Could you retype all of the entries below word for word?

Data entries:

-.-.-

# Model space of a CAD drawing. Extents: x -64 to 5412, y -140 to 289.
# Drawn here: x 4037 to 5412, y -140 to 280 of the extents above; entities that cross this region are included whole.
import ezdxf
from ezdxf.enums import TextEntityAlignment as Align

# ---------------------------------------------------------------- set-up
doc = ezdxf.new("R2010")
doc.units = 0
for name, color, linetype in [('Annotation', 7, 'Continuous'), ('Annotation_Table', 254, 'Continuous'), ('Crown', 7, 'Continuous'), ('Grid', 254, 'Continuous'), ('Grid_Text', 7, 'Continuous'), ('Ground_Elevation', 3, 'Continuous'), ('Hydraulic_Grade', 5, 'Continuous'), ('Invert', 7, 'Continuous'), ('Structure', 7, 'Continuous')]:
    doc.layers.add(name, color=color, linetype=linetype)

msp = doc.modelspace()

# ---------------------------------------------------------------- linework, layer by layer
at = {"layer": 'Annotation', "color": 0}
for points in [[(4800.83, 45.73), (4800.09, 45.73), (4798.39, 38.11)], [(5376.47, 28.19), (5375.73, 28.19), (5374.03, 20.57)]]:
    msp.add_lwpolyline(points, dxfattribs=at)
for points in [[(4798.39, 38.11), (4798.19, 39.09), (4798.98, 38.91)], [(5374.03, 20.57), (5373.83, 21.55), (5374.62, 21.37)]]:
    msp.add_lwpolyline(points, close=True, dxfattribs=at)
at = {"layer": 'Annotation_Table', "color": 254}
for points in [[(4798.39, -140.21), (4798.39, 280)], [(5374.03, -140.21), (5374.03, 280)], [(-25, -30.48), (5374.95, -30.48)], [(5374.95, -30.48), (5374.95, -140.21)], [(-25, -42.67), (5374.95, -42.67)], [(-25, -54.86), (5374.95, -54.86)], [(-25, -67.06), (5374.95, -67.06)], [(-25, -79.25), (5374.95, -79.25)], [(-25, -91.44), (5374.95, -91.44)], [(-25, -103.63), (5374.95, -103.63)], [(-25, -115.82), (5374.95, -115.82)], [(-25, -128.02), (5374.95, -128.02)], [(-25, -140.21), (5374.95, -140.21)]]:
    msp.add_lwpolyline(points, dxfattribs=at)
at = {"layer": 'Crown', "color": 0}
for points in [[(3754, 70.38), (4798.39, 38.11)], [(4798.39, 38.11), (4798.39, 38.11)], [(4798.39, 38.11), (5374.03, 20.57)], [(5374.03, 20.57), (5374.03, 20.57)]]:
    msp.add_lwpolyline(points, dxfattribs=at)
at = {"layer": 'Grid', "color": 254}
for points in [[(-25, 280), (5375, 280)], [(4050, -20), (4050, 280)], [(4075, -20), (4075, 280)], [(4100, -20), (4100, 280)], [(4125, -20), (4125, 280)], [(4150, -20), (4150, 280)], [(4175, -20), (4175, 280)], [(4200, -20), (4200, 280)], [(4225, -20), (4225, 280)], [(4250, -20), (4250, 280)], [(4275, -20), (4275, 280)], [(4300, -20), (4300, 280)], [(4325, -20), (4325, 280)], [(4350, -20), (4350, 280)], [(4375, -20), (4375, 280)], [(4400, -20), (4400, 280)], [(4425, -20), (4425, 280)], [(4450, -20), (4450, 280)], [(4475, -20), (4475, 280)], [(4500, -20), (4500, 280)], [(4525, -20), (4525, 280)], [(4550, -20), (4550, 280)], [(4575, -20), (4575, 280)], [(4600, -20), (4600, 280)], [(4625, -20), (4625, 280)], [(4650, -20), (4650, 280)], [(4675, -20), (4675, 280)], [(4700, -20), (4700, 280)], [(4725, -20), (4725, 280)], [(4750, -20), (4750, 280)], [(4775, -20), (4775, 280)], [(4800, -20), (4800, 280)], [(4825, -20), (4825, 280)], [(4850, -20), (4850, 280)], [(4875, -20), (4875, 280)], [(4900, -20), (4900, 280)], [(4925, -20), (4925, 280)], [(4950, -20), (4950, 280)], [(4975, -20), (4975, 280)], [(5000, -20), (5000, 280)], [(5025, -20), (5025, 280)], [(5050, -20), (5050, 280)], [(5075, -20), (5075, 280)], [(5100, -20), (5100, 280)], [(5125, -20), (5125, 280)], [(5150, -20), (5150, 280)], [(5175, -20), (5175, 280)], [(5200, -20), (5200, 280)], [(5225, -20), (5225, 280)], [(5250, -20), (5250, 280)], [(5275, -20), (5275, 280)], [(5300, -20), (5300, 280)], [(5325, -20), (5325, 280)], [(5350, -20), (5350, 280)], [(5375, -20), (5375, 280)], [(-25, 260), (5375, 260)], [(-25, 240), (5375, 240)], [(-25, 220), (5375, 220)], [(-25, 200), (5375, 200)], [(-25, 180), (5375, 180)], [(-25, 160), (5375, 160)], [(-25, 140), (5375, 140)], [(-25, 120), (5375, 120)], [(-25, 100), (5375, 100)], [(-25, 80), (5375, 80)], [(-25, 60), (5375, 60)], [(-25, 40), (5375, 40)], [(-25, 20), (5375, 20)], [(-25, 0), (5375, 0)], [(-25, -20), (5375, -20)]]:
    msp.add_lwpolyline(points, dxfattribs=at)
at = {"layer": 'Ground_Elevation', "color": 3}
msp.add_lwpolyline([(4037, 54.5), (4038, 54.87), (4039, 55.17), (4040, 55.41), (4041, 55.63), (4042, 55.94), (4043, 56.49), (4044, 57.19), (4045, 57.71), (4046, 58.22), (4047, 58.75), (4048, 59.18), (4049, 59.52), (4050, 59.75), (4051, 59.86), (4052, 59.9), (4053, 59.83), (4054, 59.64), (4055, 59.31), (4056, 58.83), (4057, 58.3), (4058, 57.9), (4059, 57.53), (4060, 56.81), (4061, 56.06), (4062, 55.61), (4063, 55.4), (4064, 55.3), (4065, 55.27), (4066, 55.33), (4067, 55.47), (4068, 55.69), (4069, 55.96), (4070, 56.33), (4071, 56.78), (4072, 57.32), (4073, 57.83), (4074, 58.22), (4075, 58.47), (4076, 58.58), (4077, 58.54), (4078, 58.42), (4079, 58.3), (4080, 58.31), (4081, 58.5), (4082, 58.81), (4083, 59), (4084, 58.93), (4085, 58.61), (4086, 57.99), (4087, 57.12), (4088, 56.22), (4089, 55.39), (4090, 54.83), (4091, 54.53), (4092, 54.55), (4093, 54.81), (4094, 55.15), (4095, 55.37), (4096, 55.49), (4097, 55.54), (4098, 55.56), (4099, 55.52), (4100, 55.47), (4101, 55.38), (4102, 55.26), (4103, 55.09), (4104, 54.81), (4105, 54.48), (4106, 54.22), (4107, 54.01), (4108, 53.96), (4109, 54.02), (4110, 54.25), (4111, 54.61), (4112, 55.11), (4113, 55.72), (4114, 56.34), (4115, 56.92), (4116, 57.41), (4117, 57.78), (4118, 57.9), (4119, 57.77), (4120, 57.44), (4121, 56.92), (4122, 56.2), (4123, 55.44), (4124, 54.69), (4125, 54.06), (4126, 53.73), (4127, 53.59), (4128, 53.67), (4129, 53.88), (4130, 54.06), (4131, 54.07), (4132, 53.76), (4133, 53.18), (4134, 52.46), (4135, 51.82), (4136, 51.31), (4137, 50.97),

-.-.-

OUTPUT FOR THIS TASK =>
# Model space of a CAD drawing. Extents: x -64 to 5412, y -140 to 289.
# Drawn here: x 4037 to 5412, y -140 to 280 of the extents above; entities that cross this region are included whole.
import ezdxf
from ezdxf.enums import TextEntityAlignment as Align

# ---------------------------------------------------------------- set-up
doc = ezdxf.new("R2010")
doc.units = 0
for name, color, linetype in [('Annotation', 7, 'Continuous'), ('Annotation_Table', 254, 'Continuous'), ('Crown', 7, 'Continuous'), ('Grid', 254, 'Continuous'), ('Grid_Text', 7, 'Continuous'), ('Ground_Elevation', 3, 'Continuous'), ('Hydraulic_Grade', 5, 'Continuous'), ('Invert', 7, 'Continuous'), ('Structure', 7, 'Continuous')]:
    doc.layers.add(name, color=color, linetype=linetype)

msp = doc.modelspace()

# ---------------------------------------------------------------- linework, layer by layer
at = {"layer": 'Annotation', "color": 0}
for points in [[(4800.83, 45.73), (4800.09, 45.73), (4798.39, 38.11)], [(5376.47, 28.19), (5375.73, 28.19), (5374.03, 20.57)]]:
    msp.add_lwpolyline(points, dxfattribs=at)
for points in [[(4798.39, 38.11), (4798.19, 39.09), (4798.98, 38.91)], [(5374.03, 20.57), (5373.83, 21.55), (5374.62, 21.37)]]:
    msp.add_lwpolyline(points, close=True, dxfattribs=at)
at = {"layer": 'Annotation_Table', "color": 254}
for points in [[(4798.39, -140.21), (4798.39, 280)], [(5374.03, -140.21), (5374.03, 280)], [(-25, -30.48), (5374.95, -30.48)], [(5374.95, -30.48), (5374.95, -140.21)], [(-25, -42.67), (5374.95, -42.67)], [(-25, -54.86), (5374.95, -54.86)], [(-25, -67.06), (5374.95, -67.06)], [(-25, -79.25), (5374.95, -79.25)], [(-25, -91.44), (5374.95, -91.44)], [(-25, -103.63), (5374.95, -103.63)], [(-25, -115.82), (5374.95, -115.82)], [(-25, -128.02), (5374.95, -128.02)], [(-25, -140.21), (5374.95, -140.21)]]:
    msp.add_lwpolyline(points, dxfattribs=at)
at = {"layer": 'Crown', "color": 0}
for points in [[(3754, 70.38), (4798.39, 38.11)], [(4798.39, 38.11), (4798.39, 38.11)], [(4798.39, 38.11), (5374.03, 20.57)], [(5374.03, 20.57), (5374.03, 20.57)]]:
    msp.add_lwpolyline(points, dxfattribs=at)
at = {"layer": 'Grid', "color": 254}
for points in [[(-25, 280), (5375, 280)], [(4050, -20), (4050, 280)], [(4075, -20), (4075, 280)], [(4100, -20), (4100, 280)], [(4125, -20), (4125, 280)], [(4150, -20), (4150, 280)], [(4175, -20), (4175, 280)], [(4200, -20), (4200, 280)], [(4225, -20), (4225, 280)], [(4250, -20), (4250, 280)], [(4275, -20), (4275, 280)], [(4300, -20), (4300, 280)], [(4325, -20), (4325, 280)], [(4350, -20), (4350, 280)], [(4375, -20), (4375, 280)], [(4400, -20), (4400, 280)], [(4425, -20), (4425, 280)], [(4450, -20), (4450, 280)], [(4475, -20), (4475, 280)], [(4500, -20), (4500, 280)], [(4525, -20), (4525, 280)], [(4550, -20), (4550, 280)], [(4575, -20), (4575, 280)], [(4600, -20), (4600, 280)], [(4625, -20), (4625, 280)], [(4650, -20), (4650, 280)], [(4675, -20), (4675, 280)], [(4700, -20), (4700, 280)], [(4725, -20), (4725, 280)], [(4750, -20), (4750, 280)], [(4775, -20), (4775, 280)], [(4800, -20), (4800, 280)], [(4825, -20), (4825, 280)], [(4850, -20), (4850, 280)], [(4875, -20), (4875, 280)], [(4900, -20), (4900, 280)], [(4925, -20), (4925, 280)], [(4950, -20), (4950, 280)], [(4975, -20), (4975, 280)], [(5000, -20), (5000, 280)], [(5025, -20), (5025, 280)], [(5050, -20), (5050, 280)], [(5075, -20), (5075, 280)], [(5100, -20), (5100, 280)], [(5125, -20), (5125, 280)], [(5150, -20), (5150, 280)], [(5175, -20), (5175, 280)], [(5200, -20), (5200, 280)], [(5225, -20), (5225, 280)], [(5250, -20), (5250, 280)], [(5275, -20), (5275, 280)], [(5300, -20), (5300, 280)], [(5325, -20), (5325, 280)], [(5350, -20), (5350, 280)], [(5375, -20), (5375, 280)], [(-25, 260), (5375, 260)], [(-25, 240), (5375, 240)], [(-25, 220), (5375, 220)], [(-25, 200), (5375, 200)], [(-25, 180), (5375, 180)], [(-25, 160), (5375, 160)], [(-25, 140), (5375, 140)], [(-25, 120), (5375, 120)], [(-25, 100), (5375, 100)], [(-25, 80), (5375, 80)], [(-25, 60), (5375, 60)], [(-25, 40), (5375, 40)], [(-25, 20), (5375, 20)], [(-25, 0), (5375, 0)], [(-25, -20), (5375, -20)]]:
    msp.add_lwpolyline(points, dxfattribs=at)
at = {"layer": 'Ground_Elevation', "color": 3}
msp.add_lwpolyline([(4037, 54.5), (4038, 54.87), (4039, 55.17), (4040, 55.41), (4041, 55.63), (4042, 55.94), (4043, 56.49), (4044, 57.19), (4045, 57.71), (4046, 58.22), (4047, 58.75), (4048, 59.18), (4049, 59.52), (4050, 59.75), (4051, 59.86), (4052, 59.9), (4053, 59.83), (4054, 59.64), (4055, 59.31), (4056, 58.83), (4057, 58.3), (4058, 57.9), (4059, 57.53), (4060, 56.81), (4061, 56.06), (4062, 55.61), (4063, 55.4), (4064, 55.3), (4065, 55.27), (4066, 55.33), (4067, 55.47), (4068, 55.69), (4069, 55.96), (4070, 56.33), (4071, 56.78), (4072, 57.32), (4073, 57.83), (4074, 58.22), (4075, 58.47), (4076, 58.58), (4077, 58.54), (4078, 58.42), (4079, 58.3), (4080, 58.31), (4081, 58.5), (4082, 58.81), (4083, 59), (4084, 58.93), (4085, 58.61), (4086, 57.99), (4087, 57.12), (4088, 56.22), (4089, 55.39), (4090, 54.83), (4091, 54.53), (4092, 54.55), (4093, 54.81), (4094, 55.15), (4095, 55.37), (4096, 55.49), (4097, 55.54), (4098, 55.56), (4099, 55.52), (4100, 55.47), (4101, 55.38), (4102, 55.26), (4103, 55.09), (4104, 54.81), (4105, 54.48), (4106, 54.22), (4107, 54.01), (4108, 53.96), (4109, 54.02), (4110, 54.25), (4111, 54.61), (4112, 55.11), (4113, 55.72), (4114, 56.34), (4115, 56.92), (4116, 57.41), (4117, 57.78), (4118, 57.9), (4119, 57.77), (4120, 57.44), (4121, 56.92), (4122, 56.2), (4123, 55.44), (4124, 54.69), (4125, 54.06), (4126, 53.73), (4127, 53.59), (4128, 53.67), (4129, 53.88), (4130, 54.06), (4131, 54.07), (4132, 53.76), (4133, 53.18), (4134, 52.46), (4135, 51.82), (4136, 51.31), (4137, 50.97),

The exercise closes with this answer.